→ Task description: Find how many lines of the records below contain the word "font" and write that number by itself.

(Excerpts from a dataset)
============================================================
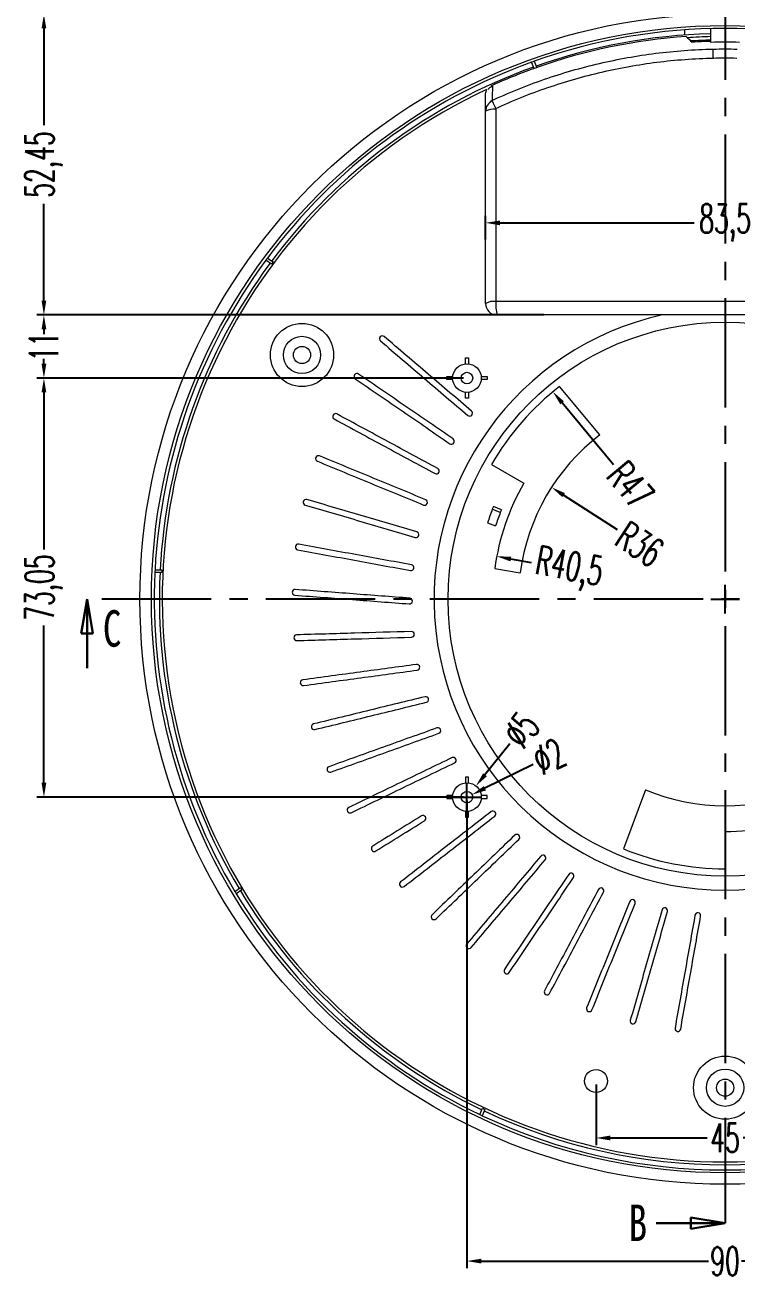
# Model space of a CAD drawing. Header units: inches. Extents: x -1125 to 2189, y 556 to 1115.
# Drawn here: x 950.4 to 1074.5, y 786.3 to 1005.1 of the extents above; entities that cross this region are included whole.
import ezdxf

# ---------------------------------------------------------------- set-up
doc = ezdxf.new("R2010")
doc.units = ezdxf.units.IN
doc.linetypes.add('CENTER2', pattern=[28.575, 19.05, -3.175, 3.175, -3.175])
doc.styles.add('SLDTEXTSTYLE0', font='TXT', dxfattribs={"width": 0.75})
doc.styles.add('SLDTEXTSTYLE2', font='TXT', dxfattribs={"width": 0.6, "bigfont": 'bigfont'})
doc.dimstyles.new('5', dxfattribs={"dimtxt": 5, "dimasz": 2.5, "dimexe": 1.25, "dimexo": 0.625, "dimtad": 0, "dimtxsty": 'SLDTEXTSTYLE2', "dimcen": 2.5, "dimclrd": 3, "dimclre": 3, "dimclrt": 256, "dimadec": 0, "dimazin": 0, "dimtfac": 1, "dimtofl": 0, "dimtmove": 0, "dimatfit": 3, "dimfxl": 1, "dimarcsym": 0})

# ---------------------------------------------------------------- blocks, each defined once
blk = doc.blocks.new('_CLOSED')
at = {"color": 0, "linetype": 'ByBlock', "lineweight": -2}
for p, q in [((-1, 0.166667), (0, 0)), ((-1, 0.166667), (-1, -0.166667)), ((0, 0), (-1, -0.166667)), ((0, 0), (-1, 0))]:
    blk.add_line(p, q, dxfattribs=at)
blk = doc.blocks.new('*D54')
at = {"color": 3, "lineweight": -2}
for p, q in [((1049.95, 820.38), (1049.95, 809.83)), ((1094.95, 820.38), (1094.95, 809.83)), ((1052.45, 811.08), (1069.33, 811.08)), ((1092.45, 811.08), (1075.58, 811.08))]:
    blk.add_line(p, q, dxfattribs=at)
at = {"color": 3}
for points in [[(1052.45, 811.5), (1052.45, 810.66), (1049.95, 811.08)], [(1092.45, 811.5), (1092.45, 810.66), (1094.95, 811.08)]]:
    blk.add_solid(points, dxfattribs=at)
at = {"layer": 'Defpoints', "color": 0}
for p in [(1049.95, 821), (1094.95, 821), (1094.95, 811.08)]:
    blk.add_point(p, dxfattribs=at)
at = {"insert": (1072.45, 811.08), "char_height": 5, "attachment_point": 5, "style": 'SLDTEXTSTYLE2'}
blk.add_mtext('45', dxfattribs=at)
blk = doc.blocks.new('*D55')
at = {"color": 3, "lineweight": -2}
for p, q in [((1030.7, 967.71), (1030.7, 971.86)), ((1114.2, 967.71), (1114.2, 971.86)), ((1033.2, 970.61), (1067.08, 970.61)), ((1111.7, 970.61), (1077.83, 970.61))]:
    blk.add_line(p, q, dxfattribs=at)
at = {"color": 3}
for points in [[(1033.2, 971.02), (1033.2, 970.19), (1030.7, 970.61)], [(1111.7, 971.02), (1111.7, 970.19), (1114.2, 970.61)]]:
    blk.add_solid(points, dxfattribs=at)
at = {"layer": 'Defpoints', "color": 0}
for p in [(1114.2, 970.61), (1030.7, 967.08), (1114.2, 967.08)]:
    blk.add_point(p, dxfattribs=at)
at = {"insert": (1072.45, 970.61), "char_height": 5, "attachment_point": 5, "style": 'SLDTEXTSTYLE2'}
blk.add_mtext('83,5', dxfattribs=at)
blk = doc.blocks.new('*D56')
at = {"color": 3, "lineweight": -2}
for p, q in [((1026.83, 943.55), (952.47, 943.55)), ((953.72, 941.05), (953.72, 913.65)), ((953.72, 873), (953.72, 900.4)), ((1026.83, 870.5), (952.47, 870.5))]:
    blk.add_line(p, q, dxfattribs=at)
at = {"color": 3}
for points in [[(953.31, 941.05), (954.14, 941.05), (953.72, 943.55)], [(953.31, 873), (954.14, 873), (953.72, 870.5)]]:
    blk.add_solid(points, dxfattribs=at)
at = {"layer": 'Defpoints', "color": 0}
for p in [(1027.45, 943.55), (953.72, 870.5), (1027.45, 870.5)]:
    blk.add_point(p, dxfattribs=at)
at = {"insert": (953.72, 907.03), "char_height": 5, "attachment_point": 5, "rotation": 90, "style": 'SLDTEXTSTYLE2'}
blk.add_mtext('73,05', dxfattribs=at)
blk = doc.blocks.new('*D57')
at = {"color": 3, "lineweight": -2}
for p, q in [((1034.62, 954.55), (952.47, 954.55)), ((953.72, 952.05), (953.72, 951.18)), ((953.72, 946.05), (953.72, 946.93)), ((1026.83, 943.55), (952.47, 943.55))]:
    blk.add_line(p, q, dxfattribs=at)
at = {"color": 3}
for points in [[(953.31, 952.05), (954.14, 952.05), (953.72, 954.55)], [(953.31, 946.05), (954.14, 946.05), (953.72, 943.55)]]:
    blk.add_solid(points, dxfattribs=at)
at = {"layer": 'Defpoints', "color": 0}
for p in [(953.72, 954.55), (1035.24, 954.55), (1027.45, 943.55)]:
    blk.add_point(p, dxfattribs=at)
at = {"insert": (953.72, 949.05), "char_height": 5, "attachment_point": 5, "rotation": 90, "style": 'SLDTEXTSTYLE2'}
blk.add_mtext('11', dxfattribs=at)
blk = doc.blocks.new('*D58')
at = {"color": 3, "lineweight": -2}
for p, q in [((1027.45, 869.88), (1027.45, 788.37)), ((1117.45, 869.88), (1117.45, 788.37)), ((1029.95, 789.62), (1069.58, 789.62)), ((1114.95, 789.62), (1075.33, 789.62))]:
    blk.add_line(p, q, dxfattribs=at)
at = {"color": 3}
for points in [[(1029.95, 790.03), (1029.95, 789.2), (1027.45, 789.62)], [(1114.95, 790.03), (1114.95, 789.2), (1117.45, 789.62)]]:
    blk.add_solid(points, dxfattribs=at)
at = {"layer": 'Defpoints', "color": 0}
for p in [(1027.45, 870.5), (1117.45, 870.5), (1117.45, 789.62)]:
    blk.add_point(p, dxfattribs=at)
at = {"insert": (1072.45, 789.62), "char_height": 5, "attachment_point": 5, "style": 'SLDTEXTSTYLE2'}
blk.add_mtext('90', dxfattribs=at)
blk = doc.blocks.new('*D59')
at = {"color": 3, "lineweight": -2}
for p, q in [((1034.93, 879.78), (1030.59, 874.4)), ((1027.45, 868), (1027.45, 873)), ((1024.95, 870.5), (1029.95, 870.5))]:
    blk.add_line(p, q, dxfattribs=at)
at = {"color": 3}
blk.add_solid([(1030.27, 874.66), (1030.92, 874.13), (1029.02, 872.45)], dxfattribs=at)
at = {"layer": 'Defpoints', "color": 0}
for p in [(1029.02, 872.45), (1025.89, 868.56)]:
    blk.add_point(p, dxfattribs=at)
at = {"insert": (1036.9, 882.22), "char_height": 5, "attachment_point": 5, "rotation": 51.134, "style": 'SLDTEXTSTYLE2'}
blk.add_mtext('∅5', dxfattribs=at)
blk = doc.blocks.new('*D60')
at = {"color": 3, "lineweight": -2}
for p, q in [((1038.97, 876.17), (1030.59, 872.05)), ((1027.45, 868), (1027.45, 873)), ((1024.95, 870.5), (1029.95, 870.5))]:
    blk.add_line(p, q, dxfattribs=at)
at = {"color": 3}
blk.add_solid([(1030.41, 872.42), (1030.78, 871.67), (1028.35, 870.94)], dxfattribs=at)
at = {"layer": 'Defpoints', "color": 0}
for p in [(1028.35, 870.94), (1026.56, 870.06)]:
    blk.add_point(p, dxfattribs=at)
at = {"insert": (1041.78, 877.55), "char_height": 5, "attachment_point": 5, "rotation": 26.1993, "style": 'SLDTEXTSTYLE2'}
blk.add_mtext('∅2', dxfattribs=at)
blk = doc.blocks.new('*D61')
at = {"color": 3, "lineweight": -2}
for p, q in [((1141.9, 986.41), (1140.27, 984.51)), ((1072.45, 902.5), (1072.45, 907.5)), ((1069.95, 905), (1074.95, 905))]:
    blk.add_line(p, q, dxfattribs=at)
at = {"color": 3}
blk.add_solid([(1139.96, 984.78), (1140.59, 984.24), (1138.65, 982.6)], dxfattribs=at)
at = {"layer": 'Defpoints', "color": 0}
for p in [(1138.65, 982.6), (1006.26, 827.4)]:
    blk.add_point(p, dxfattribs=at)
at = {"insert": (1145.71, 990.88), "char_height": 5, "attachment_point": 5, "rotation": 49.5345, "style": 'SLDTEXTSTYLE2'}
blk.add_mtext('∅204', dxfattribs=at)
blk = doc.blocks.new('*D62')
at = {"color": 3, "lineweight": -2}
for p, q in [((1146.56, 979.38), (1144.8, 977.61)), ((1072.45, 902.5), (1072.45, 907.5)), ((1069.95, 905), (1074.95, 905))]:
    blk.add_line(p, q, dxfattribs=at)
at = {"color": 3}
blk.add_solid([(1144.51, 977.91), (1145.1, 977.32), (1143.04, 975.84)], dxfattribs=at)
at = {"layer": 'Defpoints', "color": 0}
for p in [(1143.04, 975.84), (1001.87, 834.16)]:
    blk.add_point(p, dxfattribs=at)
============================================================
→ Task output: 2